57. Insert Interval

📝 Problem Details

• Title: 57. Insert Interval
• Link: https://leetcode.com/problems/insert-interval/
• Difficulty: Medium
• Tags/Categories: Intervals

input array intervals where intervals[i] = [start,end] sorted in ascending order by start input array newInterval = [start, end] that has a single element insert newInterval into intervals such that the ascending order is maintained and there aren’t any overlapping intervals (merge them if necessary) return intervals after insertion

💭What Were My Initial Thoughts?

- the input array is already sorted by start time 
- the problem is similar to merge intervals, but instead of merging all intervals, we first insert the newInterval
- suggests a greedy approach where:
	- we insert the new interval at the right position
	- merge any overlapping intervals

💡 Explanation of Solution

• Add all intervals before newInterval (no overlap)

  • If an interval ends before newInterval starts, add it to the result unchanged.

• Merge overlapping intervals

  • If an interval overlaps with newInterval, merge them by updating start and end.

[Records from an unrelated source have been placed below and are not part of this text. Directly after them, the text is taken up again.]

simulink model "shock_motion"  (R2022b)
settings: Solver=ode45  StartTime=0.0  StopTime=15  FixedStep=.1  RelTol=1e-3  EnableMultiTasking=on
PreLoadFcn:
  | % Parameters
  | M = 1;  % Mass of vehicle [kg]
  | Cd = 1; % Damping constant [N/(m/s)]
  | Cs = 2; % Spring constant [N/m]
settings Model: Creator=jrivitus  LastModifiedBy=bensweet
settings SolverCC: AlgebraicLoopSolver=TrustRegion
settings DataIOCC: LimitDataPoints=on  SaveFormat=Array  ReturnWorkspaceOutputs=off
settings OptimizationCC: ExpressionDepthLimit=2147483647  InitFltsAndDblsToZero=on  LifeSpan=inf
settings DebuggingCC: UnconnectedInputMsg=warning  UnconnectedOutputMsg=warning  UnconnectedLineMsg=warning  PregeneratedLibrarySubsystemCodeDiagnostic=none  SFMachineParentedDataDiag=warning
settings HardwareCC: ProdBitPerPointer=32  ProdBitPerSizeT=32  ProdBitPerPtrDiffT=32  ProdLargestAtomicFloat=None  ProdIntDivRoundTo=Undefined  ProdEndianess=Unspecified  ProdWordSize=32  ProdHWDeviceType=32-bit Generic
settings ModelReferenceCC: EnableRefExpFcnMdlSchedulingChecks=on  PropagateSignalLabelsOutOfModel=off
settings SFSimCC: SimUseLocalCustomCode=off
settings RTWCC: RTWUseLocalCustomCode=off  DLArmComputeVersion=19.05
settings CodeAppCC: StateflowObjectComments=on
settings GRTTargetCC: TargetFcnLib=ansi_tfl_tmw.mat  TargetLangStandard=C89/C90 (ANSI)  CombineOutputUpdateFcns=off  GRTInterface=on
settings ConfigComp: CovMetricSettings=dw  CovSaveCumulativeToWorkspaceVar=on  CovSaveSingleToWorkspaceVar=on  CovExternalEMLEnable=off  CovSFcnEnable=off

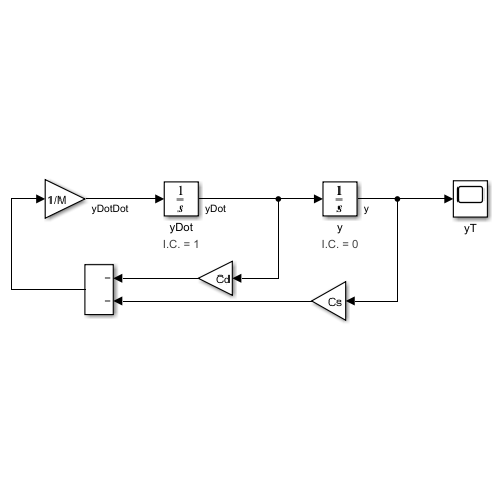
[thumbnail: Simulink's stored preview of the top-level diagram]
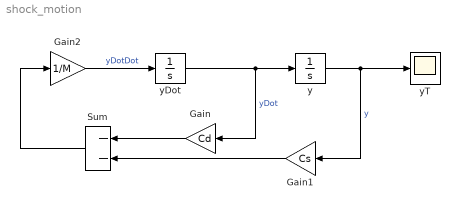
== system shock_motion ==
  Gain : Gain  Gain=Cd
  Gain1 : Gain  Gain=Cs
  Gain2 : Gain  Gain=1/M
  Sum : Sum  Inputs=--
  y : Integrator
      settings: AttributesFormatString=I.C. = %<InitialCondition>
  yDot : Integrator  InitialCondition=1
      settings: AttributesFormatString=I.C. = %<InitialCondition>
  yT : Scope
  wires:
  y/1 -> Gain1/1, yT/1  "y"
  yDot/1 -> y/1, Gain/1  "yDot"
  Sum/1 -> Gain2/1
  Gain/1 -> Sum/1
  Gain1/1 -> Sum/2
  Gain2/1 -> yDot/1  "yDotDot"
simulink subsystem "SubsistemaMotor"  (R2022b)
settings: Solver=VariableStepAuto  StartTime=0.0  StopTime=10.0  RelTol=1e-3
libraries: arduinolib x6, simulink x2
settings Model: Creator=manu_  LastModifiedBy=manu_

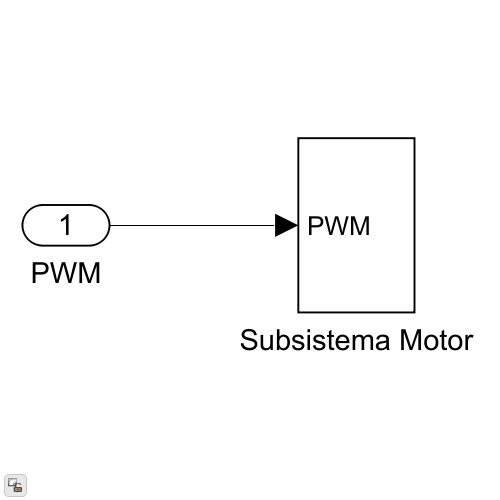
[thumbnail: Simulink's stored preview of the top-level diagram]
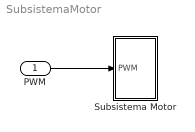
== system SubsistemaMotor ==
  PWM : Inport
  Subsistema Motor : Subsystem
  wires:
  PWM/1 -> Subsistema Motor/1(PWM)

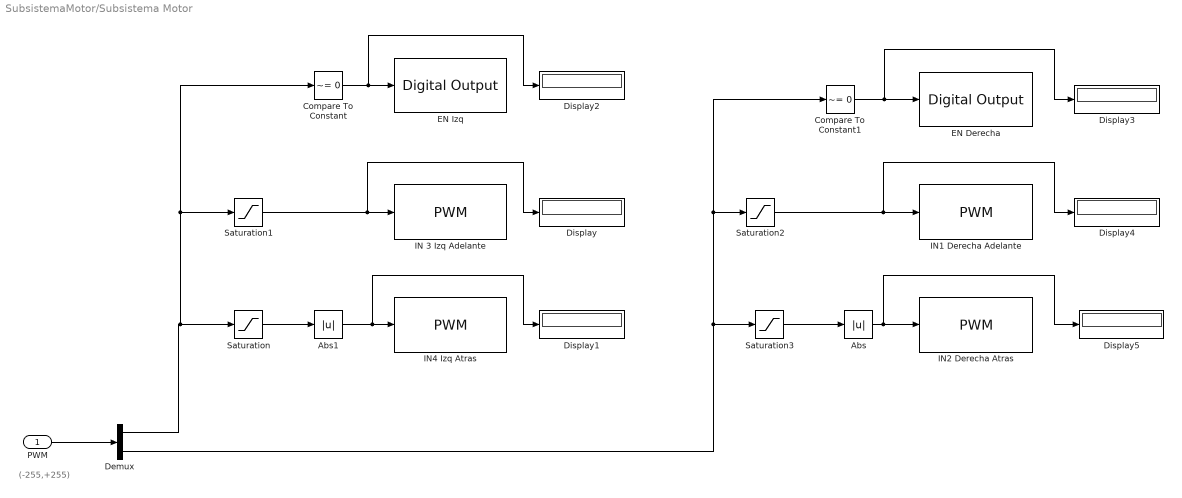
== system SubsistemaMotor/Subsistema Motor ==
  note: (-255,+255)
  PWM : Inport
  Abs : Abs  SaturateOnIntegerOverflow=off
  Abs1 : Abs  SaturateOnIntegerOverflow=off
  Compare To Constant : simulink/Logic and Bit Operations/Compare To Constant  relop=~=  const=0  OutDataTypeStr=boolean
  Compare To Constant1 : simulink/Logic and Bit Operations/Compare To Constant  relop=~=  const=0  OutDataTypeStr=boolean
  Demux : Demux  Outputs=2
  Display{,1..5} (6 alike) : Display
  EN Derecha : arduinolib/Digital Output  pinNumber=8  Direction=output  blockPlatform=arduino
  EN Izq : arduinolib/Digital Output  pinNumber=13  Direction=output  blockPlatform=arduino
  IN 3 Izq Adelante : arduinolib/PWM  pinNumber=11  frequencyType=Default  desiredFrequency=490.2  achievableFrequency=490.2
  IN1 Derecha Adelante : arduinolib/PWM  pinNumber=9  frequencyType=Default  desiredFrequency=490.2  achievableFrequency=490.2
  IN2 Derecha Atras : arduinolib/PWM  pinNumber=10  frequencyType=Default  desiredFrequency=490.2  achievableFrequency=490.2
  IN4 Izq Atras : arduinolib/PWM  pinNumber=12  frequencyType=Default  desiredFrequency=490.2  achievableFrequency=490.2
  Saturation : Saturate  UpperLimit=0  LowerLimit=-255
  Saturation1 : Saturate  UpperLimit=255  LowerLimit=1
  Saturation2 : Saturate  UpperLimit=255  LowerLimit=1
  Saturation3 : Saturate  UpperLimit=0  LowerLimit=-255
  wires:
  Saturation3/1 -> Abs/1
  Saturation/1 -> Abs1/1
  Saturation2/1 -> IN1 Derecha Adelante/1, Display4/1
  PWM/1 -> Demux/1
  Demux/1 -> Saturation/1, Saturation1/1, Compare To Constant/1
  Abs/1 -> IN2 Derecha Atras/1, Display5/1
  Demux/2 -> Saturation3/1, Saturation2/1, Compare To Constant1/1
  Saturation1/1 -> IN 3 Izq Adelante/1, Display/1
  Compare To Constant/1 -> EN Izq/1, Display2/1
  Compare To Constant1/1 -> EN Derecha/1, Display3/1
  Abs1/1 -> IN4 Izq Atras/1, Display1/1

• Insert the merged newInterval

  • Once merging is done, push the updated newInterval into the result.

• Add remaining intervals

  • Append any intervals that start after newInterval without changes.

⌛ Complexity Analysis

Time Complexity: O(n)
Space Complexity: O(n)

💻 Implementation of Solution

class Solution {
public:
    vector<vector<int>> insert(vector<vector<int>>& intervals, vector<int>& newInterval) {
        vector<vector<int>> result;
        int i=0;
        int n = intervals.size();
 
        // add all intervals before newInterval (no overlap)
        // while we are in bounds and the current interval's end is less than the newIntervals start
        while(i < n && intervals[i][1] < newInterval[0]) {
            result.push_back(intervals[i]);
            i++;
        }
 
        // merge overlapping intervals
        // while we are in bounds and the current interval's start is less than the newIntervals end
        while(i < n && intervals[i][0] <= newInterval[1]) {
            newInterval[0] = min(newInterval[0], intervals[i][0]);
            newInterval[1] = max(newInterval[1], intervals[i][1]);
            i++;
        }
        result.push_back(newInterval); // insert merged interval
 
        // add remaining intervals
        while(i < n) {
            result.push_back(intervals[i]);
            i++;
        }
 
        return result;
    }
};